Wednesday, October 24, 2007

The tipping point

Not that I'll get to everything tonight, but here's a little background to how Trillian and I finally decided to give the gluten-free, casein-free diet a try.

The GFCF diet is one of those things we keep coming across in our readings and discussions. And intuitively, the reasoning behind it makes sense to me--and also explain why it works for some people but not others. I'll do a fully researched and linked post at some point, but the short version is that some people who are especially sensitive to certain components of wheat and dairy (ie, gluten and casein) crave it more than just about anything else. Yet, they cannot process the food efficiently--it even causes them general digestive problems--and they end up with a bit of a brain fog.

I have long suspected that I should cut back on wheat and dairy. I have been aware that it affects my stomach. But, when I eat based on my cravings, I almost always go after carbs and cheese or milk. So once I read about this sort of sensitivity and also noticed that Scooter follows a similar pattern in food choices, I realized that he might have some similar issues.

Scooter has suffered from eczema pretty much since he was born. Some of the things I read suggested a link between (cow's) milk allergies and eczema, although this was dismissed by our pediatrician. A couple years ago, we tried to go wheat and dairy free as part of an elimination diet to figure out these allergy/sensitivity issues. But it was too hard for us to stick to for the time required to make the determination.

GFCF keeps coming up in the various things we're reading. And then there are the other parents I've talked to who have tried it, generally with some sort of anecdotal success. So we've hemmed and hawed over it, always pulling away because of how hard it would be to implement. Then Trillian spoke with an acquaintance of her parents who has two autistic sons. She's very no-nonsense and believes that a lot of treatments that are out there are worthless and benefit only the people who have come up with them. She researches things extensively and will only do those things that have a solid scientific basis. And she had done the GFCF diet with (I think--Trillian can correct my details) her second son. Who began speaking in sentences within 48 hours of their start. He made many great strides in the 2 years she had him on it, and now he also eats moderate amounts of wheat and dairy again.

So we're making the switch. Gradually. At home, we've got him entirely off gluten and are switching over to rice milk (currently at about 50% milk, 50% substitute). We're learning to bring snacks with us to those places where he'll expect them and have started to find substitutes that keep him from begging for his old standbys.

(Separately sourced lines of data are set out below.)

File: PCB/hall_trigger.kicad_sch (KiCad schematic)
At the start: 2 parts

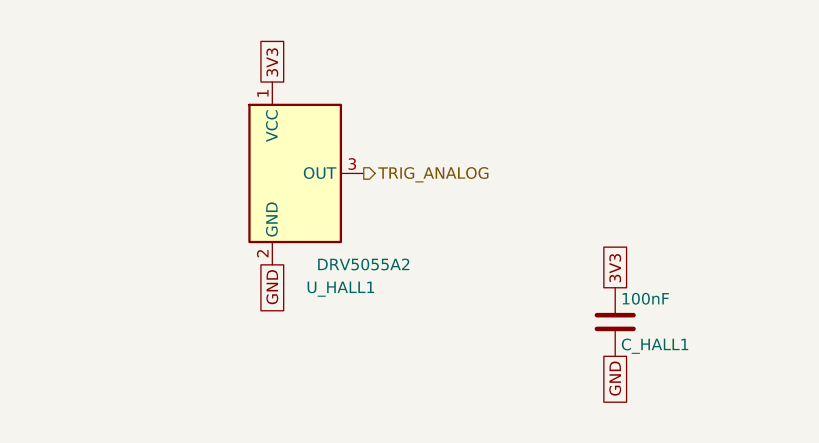
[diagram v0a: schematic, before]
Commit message: refactor: updated gulikit footprint
This updates the gulikit thumbstick footprint to be accurate.
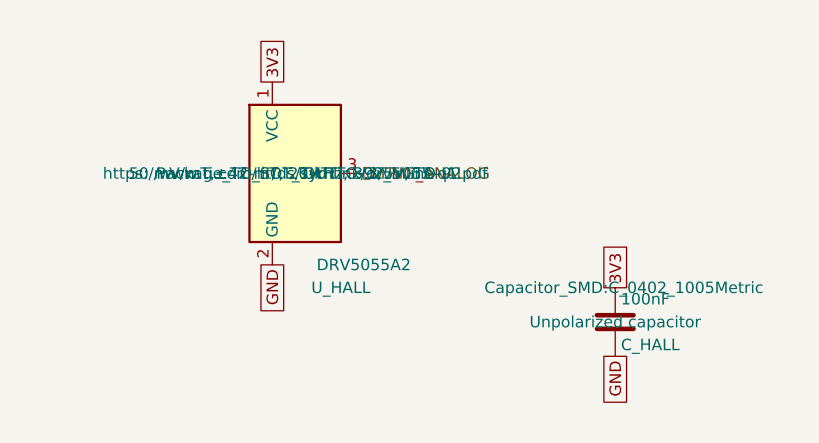
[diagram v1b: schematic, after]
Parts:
- removed C_HALL1: 100nF, Capacitor_SMD:C_0402_1005Metric, symbol Device:C
- removed U_HALL1: DRV5055A2, Package_TO_SOT_THT:TO-92_Inline, symbol Sensor_Magnetic:DRV5055A2xLPGxQ1
- added C_HALL: 100nF, Capacitor_SMD:C_0402_1005Metric, symbol Device:C
- added U_HALL: DRV5055A2, Package_TO_SOT_THT:TO-92_Inline, symbol Sensor_Magnetic:DRV5055A2xLPGxQ1
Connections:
- net 3V3: now also C_HALL.1, U_HALL.1 (VCC)
- net GND: now also C_HALL.2, U_HALL.2 (GND)
- net TRIG_ANALOG: now also U_HALL.3 (OUT)
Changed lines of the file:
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@@
 	(generator_version "10.0")
 	(paper "A4")
+	(global_label "3V3"
+		(shape passive)
+		(at 166.37 109.22 90)
+		(fields_autoplaced yes)
+		(effects
+			(font
+				(size 1.27 1.27)
+			)
+			(justify left)
+		)
+		(property "Intersheetrefs" "${INTERSHEET_REFS}"
+			(at 166.37 109.22 0)
+			(hide yes)
+			(show_name no)
+			(do_not_autoplace no)
+			(effects
+				(font
+					(size 1.27 1.27)
+				)
+			)
+		)
+	)
 	(global_label "GND"
 		(shape passive)
+		(at 128.27 106.68 270)
+		(fields_autoplaced yes)
+		(effects
+			(font
+				(size 1.27 1.27)
+			)
+			(justify right)
+		)
+		(property "Intersheetrefs" "${INTERSHEET_REFS}"
+			(at 128.27 106.68 0)
+			(hide yes)
+			(show_name no)
+			(do_not_autoplace no)
+			(effects
+				(font
+					(size 1.27 1.27)
+				)
+			)
+		)
+	)
+	(global_label "GND"
+		(shape passive)
 		(at 166.37 116.84 270)
 		(fields_autoplaced yes)
@@
 		(property "Intersheetrefs" "${INTERSHEET_REFS}"
 			(at 166.37 116.84 0)
-			(hide yes)
-			(show_name no)
-			(do_not_autoplace no)
-			(effects
-				(font
-					(size 1.27 1.27)
-				)
-			)
-		)
-	)
-	(global_label "3V3"
-		(shape passive)
-		(at 166.37 109.22 90)
-		(fields_autoplaced yes)
-		(effects
-			(font
-				(size 1.27 1.27)
-			)
-			(justify left)
-		)
-		(property "Intersheetrefs" "${INTERSHEET_REFS}"
-			(at 166.37 109.22 0)
-			(hide yes)
-			(show_name no)
-			(do_not_autoplace no)
-			(effects
-				(font
-					(size 1.27 1.27)
-				)
-			)
-		)
-	)
-	(global_label "GND"
-		(shape passive)
-		(at 128.27 106.68 270)
-		(fields_autoplaced yes)
-		(effects
-			(font
-				(size 1.27 1.27)
-			)
-			(justify right)
-		)
-		(property "Intersheetrefs" "${INTERSHEET_REFS}"
-			(at 128.27 106.68 0)
 			(hide yes)
 			(show_name no)
@@
 		(dnp no)
 		(fields_autoplaced yes)
-		(property "Reference" "C_HALL1"
+		(property "Reference" "C_HALL"
 			(at 167.005 115.57 0)
 			(show_name no)
@@
 		(property "Footprint" "Capacitor_SMD:C_0402_1005Metric"
 			(at 167.3352 109.22 0)
-			(hide yes)
 			(show_name no)
 			(do_not_autoplace no)
@@
 		(property "Datasheet" ""
 			(at 166.37 113.03 0)
-			(hide yes)
 			(show_name no)
 			(do_not_autoplace no)
@@
 		(property "Description" "Unpolarized capacitor"
 			(at 166.37 113.03 0)
-			(hide yes)
 			(show_name no)
 			(do_not_autoplace no)
@@
 		)
 		(instances
-			(project "snips_controller"
-				(path "/868f8289-8434-4465-b2f4-2accc5e40bab/3b2478ec-2890-4ec8-b56f-d58b64ce58ab"
-					(reference "C_HALL1")
+			(project ""
+				(path "/d0f5b7d7-b2b6-4492-958c-e60265d3c6b4/58aa3fea-7023-42af-afb1-45eaa756099e"
+					(reference "C_HALL")
 					(unit 1)
 				)
@@
 		(dnp no)
 		(fields_autoplaced yes)
-		(property "Reference" "U_HALL1"
+		(property "Reference" "U_HALL"
 			(at 135.89 109.22 0)
 			(show_name no)
@@
 		(property "Footprint" "Package_TO_SOT_THT:TO-92_Inline"
 			(at 130.81 96.52 0)
-			(hide yes)
 			(show_name no)
 			(do_not_autoplace no)
@@
 		(property "Datasheet" "https://www.ti.com/lit/ds/symlink/drv5055-q1.pdf"
 			(at 130.81 96.52 0)
-			(hide yes)
 			(show_name no)
 			(do_not_autoplace no)
@@
 		(property "Description" "50 mV/mT,±42-mT, 20-kHz, 3.3/5V, TO-92"
 			(at 130.81 96.52 0)
-			(hide yes)
 			(show_name no)
 			(do_not_autoplace no)
@@
 		)
 		(instances
-			(project "snips_controller"
-				(path "/868f8289-8434-4465-b2f4-2accc5e40bab/3b2478ec-2890-4ec8-b56f-d58b64ce58ab"
-					(reference "U_HALL1")
+			(project ""
+				(path "/d0f5b7d7-b2b6-4492-958c-e60265d3c6b4/58aa3fea-7023-42af-afb1-45eaa756099e"
+					(reference "U_HALL")
 					(unit 1)
 				)

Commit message: layout: beginning pcb layout
This updates the schematic with a few different footprints while also starts the layout.
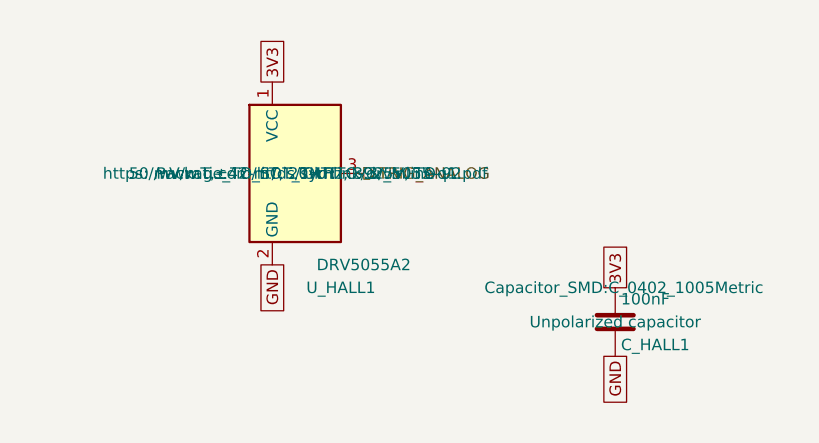
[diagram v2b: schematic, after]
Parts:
- renumbered C_HALL to C_HALL1, U_HALL to U_HALL1
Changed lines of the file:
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@@
 		(dnp no)
 		(fields_autoplaced yes)
-		(property "Reference" "C_HALL"
+		(property "Reference" "C_HALL1"
 			(at 167.005 115.57 0)
 			(show_name no)
@@
 		)
 		(instances
+			(project "snips_controller"
+				(path "/868f8289-8434-4465-b2f4-2accc5e40bab/58aa3fea-7023-42af-afb1-45eaa756099e"
+					(reference "C_HALL1")
+					(unit 1)
+				)
+			)
 			(project ""
 				(path "/d0f5b7d7-b2b6-4492-958c-e60265d3c6b4/58aa3fea-7023-42af-afb1-45eaa756099e"
@@
 		(dnp no)
 		(fields_autoplaced yes)
-		(property "Reference" "U_HALL"
+		(property "Reference" "U_HALL1"
 			(at 135.89 109.22 0)
 			(show_name no)
@@
 		)
 		(instances
+			(project "snips_controller"
+				(path "/868f8289-8434-4465-b2f4-2accc5e40bab/58aa3fea-7023-42af-afb1-45eaa756099e"
+					(reference "U_HALL1")
+					(unit 1)
+				)
+			)
 			(project ""
 				(path "/d0f5b7d7-b2b6-4492-958c-e60265d3c6b4/58aa3fea-7023-42af-afb1-45eaa756099e"
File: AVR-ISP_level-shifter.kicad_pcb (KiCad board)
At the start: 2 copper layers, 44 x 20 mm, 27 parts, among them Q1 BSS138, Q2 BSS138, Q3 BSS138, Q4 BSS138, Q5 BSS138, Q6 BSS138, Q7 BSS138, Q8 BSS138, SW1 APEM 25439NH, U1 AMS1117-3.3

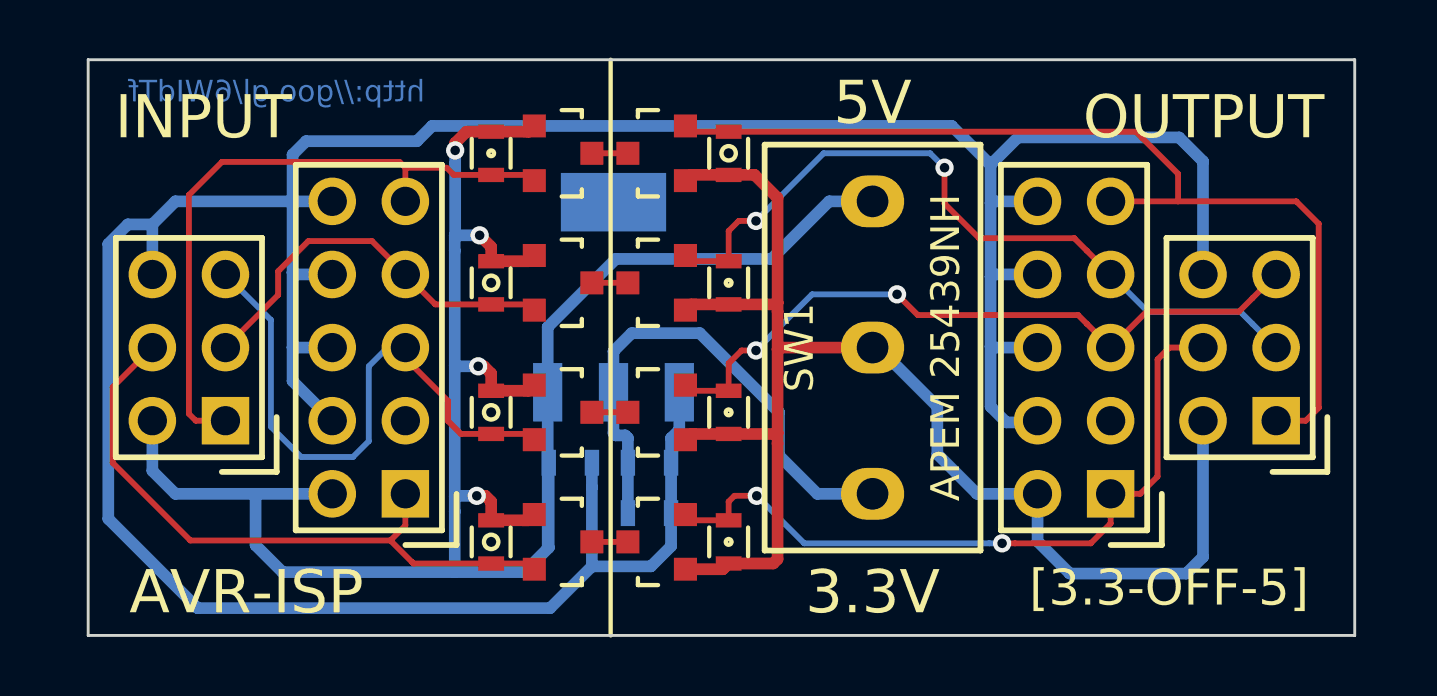
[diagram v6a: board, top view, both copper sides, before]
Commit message: Changed footprints for easier handsoldering + necessary tweaks.
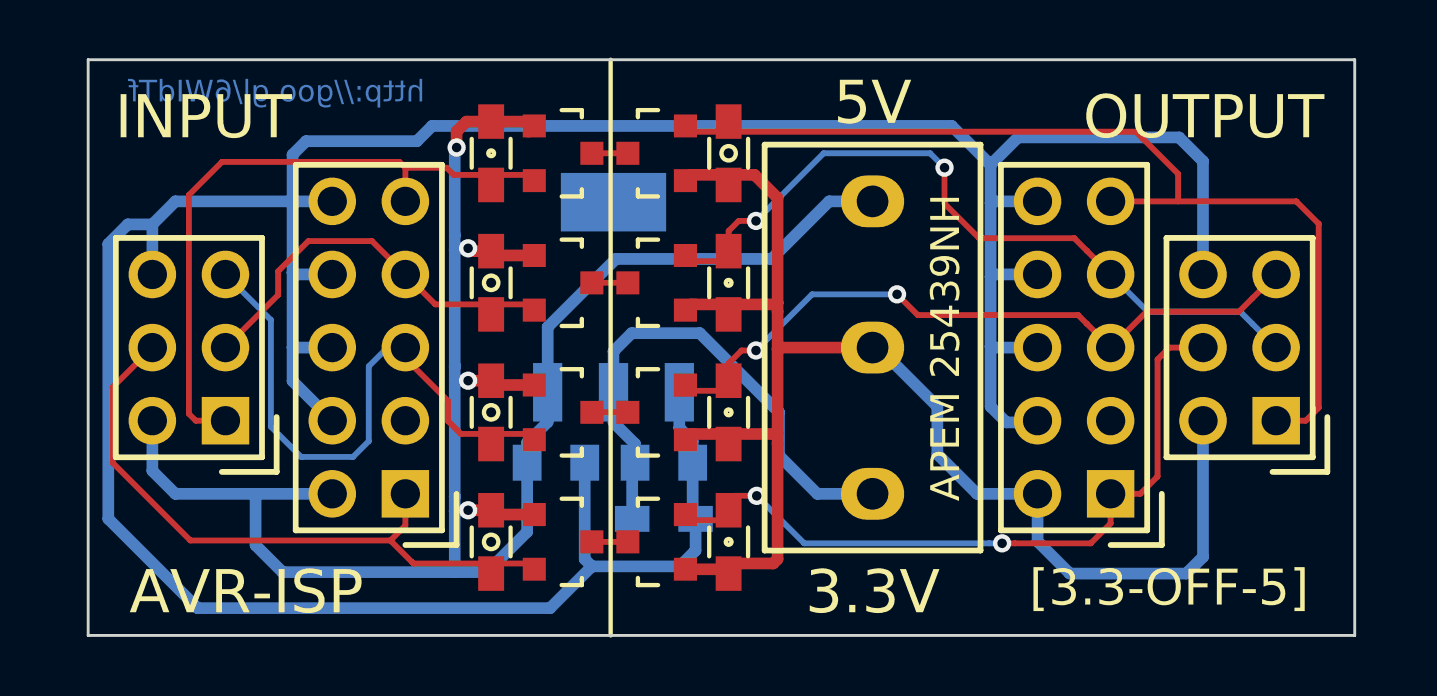
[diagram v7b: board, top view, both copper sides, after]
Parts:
- C1, C2: footprint Resistors_SMD:R_0603 -> Capacitors_SMD:C_0805
- DR.R2, DR.R3, DR.R5, DR.R7, R1, R4, R6, R8, R9: footprint Resistors_SMD:R_0603 -> Resistors_SMD:R_0603_HandSoldering
- moved R9 0.54 mm to (66.5, 55.2)
- moved C1 0.50 mm to (62.8, 53.2)
- moved C2 0.50 mm to (66.5, 53.2)
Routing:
- net /VCC_PRG: track 74.2 -> 68.3 mm
- net /GND: track 115.6 -> 116.8 mm
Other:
- board text added: "AVR-ISP level-shifter 0.12.b"
- board text removed: "AVR-ISP level-shifter 0.12.a"

I am also trying to follow along on this diet, though I gave myself far more passes in the early days than we gave to Scooter. This is not so much an instance of providing Scooter with company--he's used to eating different things than we do anyway. Rather, this is also my recognition that I am likely to benefit in the same way he does from some changes.

As for any changes? It's hard to quantify improvement. And it's also hard to know when something is the result of a change and when it was just time for it to happen. Plus, we haven't made a complete switch yet. But, Trillian and I do think we're seeing improvements. Little things, like increasing complexity of sentences and conversation (though I also wonder if the omega-3s have anything to do with that). He's also been pushing boundaries, intently and unrelentingly. It feels like he's making up for lost time, covering all of those behaviors and developments that got shoved to the side before.

And so our plan is to continue and, once we move to Springfield, to complete the switch over to an entirely GFCF diet.